Moulay Ahmed n’aurait pas été issu de la famille royale et n’aurait pas détenu des titres officiels pour exercer son talent, il aurait incontestablement fait partie de ces hommes qui étaient nés pour avoir un destin prestigieux.
Même sans titre de noblesse, il aurait tout de même existé et compté dans la société marocaine et au-delà, dans la société internationale.
Les atouts et les privilèges de la naissance et de la responsabilité dont il a pu bénéficier lui ont tout juste permis de s’épanouir et de s’affirmer un peu plus. Ses capacités intellectuelles, son talent naturel, les traits saillants de son caractère, son comportement insolite, imprévisible, toujours surprenant, l’auraient tout de même désigné comme un homme d’exception parmi les hommes exceptionnels.
Voilà déjà quatre ans que Moulay Ahmed Alaoui « le plus populaire des princes « nous a quittés. Le pionnier est mort à la tâche. il s’est éteint, sans bruit, sans déranger, quelque temps après l’attaque qui le priva de la parole, son clairon et sa harpe, son bouclier et son glaive.
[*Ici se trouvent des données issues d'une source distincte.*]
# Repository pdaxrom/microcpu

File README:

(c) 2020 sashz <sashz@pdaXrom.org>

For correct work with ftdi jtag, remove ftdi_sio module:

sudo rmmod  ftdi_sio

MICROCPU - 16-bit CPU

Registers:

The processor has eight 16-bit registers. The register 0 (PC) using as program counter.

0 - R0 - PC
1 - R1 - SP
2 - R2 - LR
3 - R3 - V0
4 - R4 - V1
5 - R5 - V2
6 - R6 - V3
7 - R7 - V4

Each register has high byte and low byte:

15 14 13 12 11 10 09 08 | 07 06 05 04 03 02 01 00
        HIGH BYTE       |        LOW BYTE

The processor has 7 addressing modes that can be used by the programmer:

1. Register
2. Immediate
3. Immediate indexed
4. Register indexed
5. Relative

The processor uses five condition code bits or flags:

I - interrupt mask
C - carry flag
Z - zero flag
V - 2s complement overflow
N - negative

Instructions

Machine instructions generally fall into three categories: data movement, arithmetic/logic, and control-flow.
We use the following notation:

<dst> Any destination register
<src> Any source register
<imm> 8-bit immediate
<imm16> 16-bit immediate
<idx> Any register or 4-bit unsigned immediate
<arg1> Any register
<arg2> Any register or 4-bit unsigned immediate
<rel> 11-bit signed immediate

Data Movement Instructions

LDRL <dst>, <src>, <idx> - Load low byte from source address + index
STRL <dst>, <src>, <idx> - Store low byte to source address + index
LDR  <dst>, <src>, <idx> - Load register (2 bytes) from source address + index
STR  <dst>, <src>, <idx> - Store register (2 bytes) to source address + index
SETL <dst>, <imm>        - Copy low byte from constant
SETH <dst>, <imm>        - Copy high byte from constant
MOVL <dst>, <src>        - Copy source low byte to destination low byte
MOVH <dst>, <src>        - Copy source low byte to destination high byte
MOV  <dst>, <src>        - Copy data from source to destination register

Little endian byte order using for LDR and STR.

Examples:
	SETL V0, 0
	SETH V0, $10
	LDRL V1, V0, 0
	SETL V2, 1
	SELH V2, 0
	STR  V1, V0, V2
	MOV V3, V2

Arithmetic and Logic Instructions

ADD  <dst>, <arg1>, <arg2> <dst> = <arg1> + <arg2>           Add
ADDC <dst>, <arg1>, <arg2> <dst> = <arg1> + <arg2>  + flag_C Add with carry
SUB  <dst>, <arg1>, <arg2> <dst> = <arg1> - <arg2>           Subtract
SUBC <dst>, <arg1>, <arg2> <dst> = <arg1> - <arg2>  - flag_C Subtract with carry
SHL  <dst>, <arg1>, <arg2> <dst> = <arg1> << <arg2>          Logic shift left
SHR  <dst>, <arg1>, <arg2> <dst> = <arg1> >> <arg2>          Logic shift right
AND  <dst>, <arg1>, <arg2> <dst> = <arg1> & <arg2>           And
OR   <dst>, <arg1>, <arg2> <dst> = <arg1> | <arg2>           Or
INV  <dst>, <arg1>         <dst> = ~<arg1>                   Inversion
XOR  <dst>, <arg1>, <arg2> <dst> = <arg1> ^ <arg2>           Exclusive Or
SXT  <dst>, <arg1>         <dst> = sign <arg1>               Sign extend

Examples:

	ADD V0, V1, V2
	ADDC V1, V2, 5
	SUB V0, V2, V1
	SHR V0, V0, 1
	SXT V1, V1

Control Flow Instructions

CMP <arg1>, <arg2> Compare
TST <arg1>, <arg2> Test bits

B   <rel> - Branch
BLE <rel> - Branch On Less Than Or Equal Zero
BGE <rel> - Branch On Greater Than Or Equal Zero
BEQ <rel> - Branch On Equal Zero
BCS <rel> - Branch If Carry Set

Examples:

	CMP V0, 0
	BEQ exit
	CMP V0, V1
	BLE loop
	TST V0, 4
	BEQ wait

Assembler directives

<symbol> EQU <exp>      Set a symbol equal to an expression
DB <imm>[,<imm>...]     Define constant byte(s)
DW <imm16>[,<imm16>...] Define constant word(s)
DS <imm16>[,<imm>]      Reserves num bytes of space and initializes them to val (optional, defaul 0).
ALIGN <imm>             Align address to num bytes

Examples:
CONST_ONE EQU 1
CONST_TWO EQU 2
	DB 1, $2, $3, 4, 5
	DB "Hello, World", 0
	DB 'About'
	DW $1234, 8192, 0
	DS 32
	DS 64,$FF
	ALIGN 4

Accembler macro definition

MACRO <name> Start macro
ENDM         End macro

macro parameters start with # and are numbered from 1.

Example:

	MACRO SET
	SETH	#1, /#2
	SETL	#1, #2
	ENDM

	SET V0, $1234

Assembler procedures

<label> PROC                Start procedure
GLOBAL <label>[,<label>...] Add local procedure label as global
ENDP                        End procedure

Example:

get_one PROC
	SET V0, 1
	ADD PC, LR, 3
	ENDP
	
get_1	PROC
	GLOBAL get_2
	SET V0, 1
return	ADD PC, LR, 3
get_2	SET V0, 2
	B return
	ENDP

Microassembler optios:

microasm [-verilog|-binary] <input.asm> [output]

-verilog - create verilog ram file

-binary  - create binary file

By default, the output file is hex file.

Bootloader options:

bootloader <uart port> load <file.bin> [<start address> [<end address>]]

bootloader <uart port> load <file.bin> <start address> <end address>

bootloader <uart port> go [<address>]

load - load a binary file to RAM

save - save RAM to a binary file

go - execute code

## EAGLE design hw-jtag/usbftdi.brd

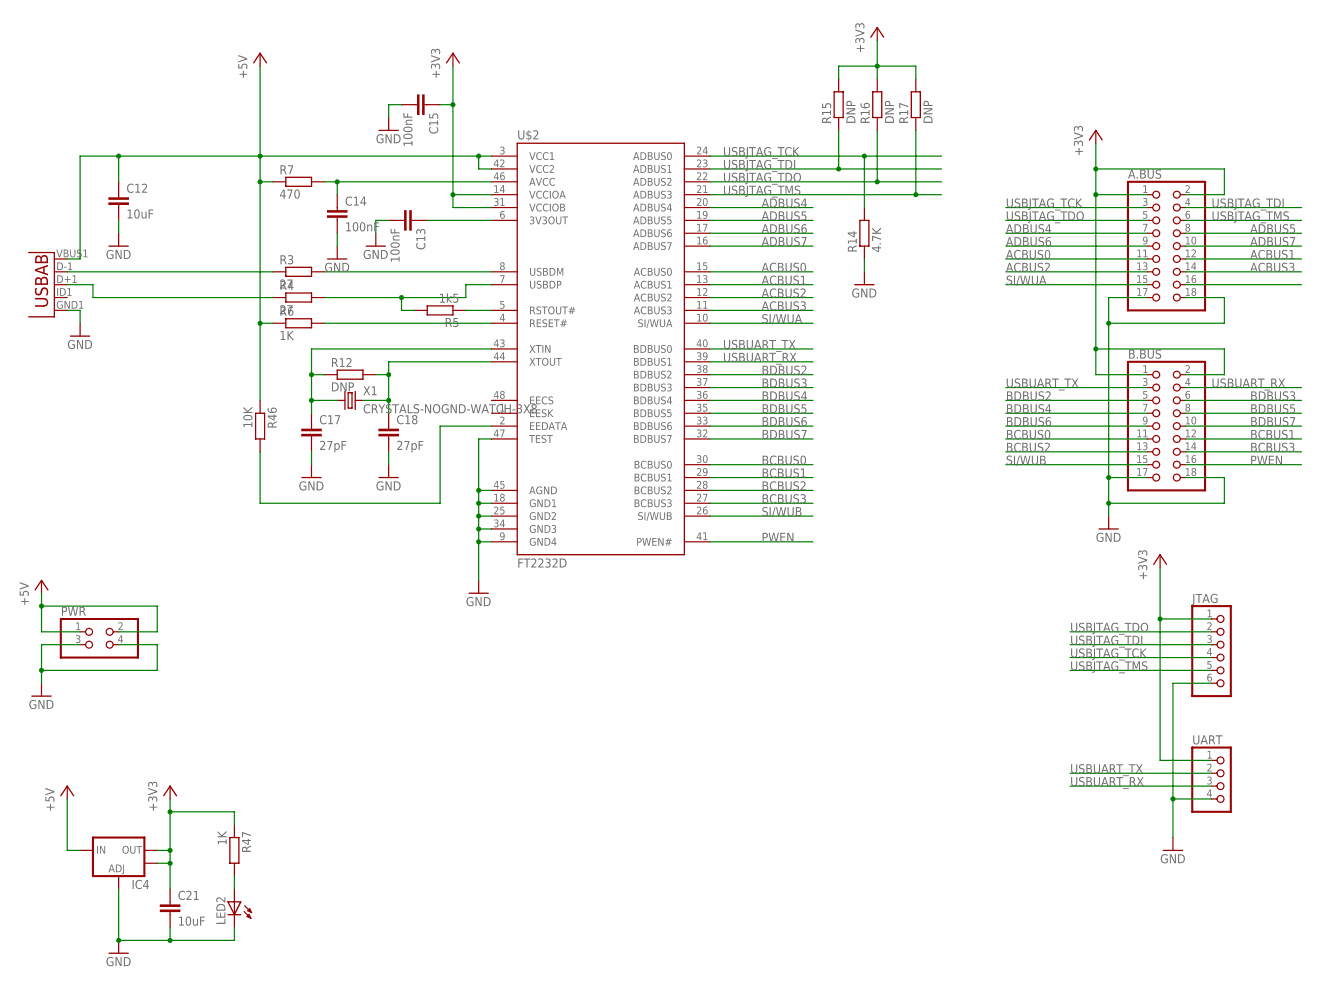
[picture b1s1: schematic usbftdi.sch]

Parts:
A.BUS: PINHD-2X9; 2X09
B.BUS: PINHD-2X9; 2X09
C12, C21: 10uF; C0805
C13, C14, C15: 100nF; C0603
C17, C18: 27pF; C0603
IC4: V_REG_LM1117SOT223; SOT223
JTAG: PINHD-1X6; 1X06
LED2: LEDCHIPLED_0603; CHIPLED_0603
MICROUSB: USB""; USB-MICRO-SMD
PWR: PINHD-2X2; 2X02
R3, R4: 27; R0603
R5: 1k5; R0603
R6, R47: 1K; R0603
R7: 470; R0603
R12, R15, R16, R17: DNP; R0603
R14: 4.7K; R0603
R46: 10K; R0603
U$2: FT2232D; LQFP-48
UART: PINHD-1X4; 1X04
X1: CRYSTALS-NOGND-WATCH-3X8; WATCH-3X8

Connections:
+3V3: A.BUS.1, A.BUS.2, B.BUS.1, B.BUS.2, C15.1, C21.1, IC4.2 (OUT), IC4.4 (OUT), JTAG.1, R15.2, R16.2, R17.2, R47.1, U$2.14 (VCCIOA), U$2.31 (VCCIOB), UART.1
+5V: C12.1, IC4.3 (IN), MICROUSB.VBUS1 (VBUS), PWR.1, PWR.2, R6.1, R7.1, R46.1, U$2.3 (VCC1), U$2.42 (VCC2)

Il a emporté avec lui ses secrets et les riches mémoires qu’il n’a pas rédigés.
Qui relèvera le défi de les écrire à sa place ? a qui ne l’a pas connu, dans sa fraîcheur et dans sa vitalité, ce portrait que j’essaie de faire de lui pourra paraître quelque peu dithyrambique. Mais il faut l’avoir connu, il faut avoir subi sa fascination et sa séduction pour comprendre que l’on puisse difficilement trouver ses mots pour cerner son personnage aux dimensions multiples et si facile à admirer et à aimer.
Et vous, madame Moulay Ahmed alaoui, ma chère sœur, vous qui l’avez soutenu avec abnégation tout le long de son parcours politique qui avez supporté, sans répit malgré vos charges universitaires, le lourd fardeau d’assistance durant ces dernières années d’épreuves. Je sais avec quelle intensité vous êtes demeurée fidèle à sa mémoire, et je voudrais vous exprimer ici mes sentiments de haute estime et de fraternité avec mes hommages profondément respectueux.
A ses enfants, Lalla Nezha et Moulay Abdel Malek ; je voudrais dire qu’ils sauront, grâce à l’éducation reçue, non seulement conserver, dans sa plénitude, le capital moral inestimable que leur père leur à légué, mais qu’ils auront à cœur de le faire fructifier, perpétuant ainsi le nom du grand disparu.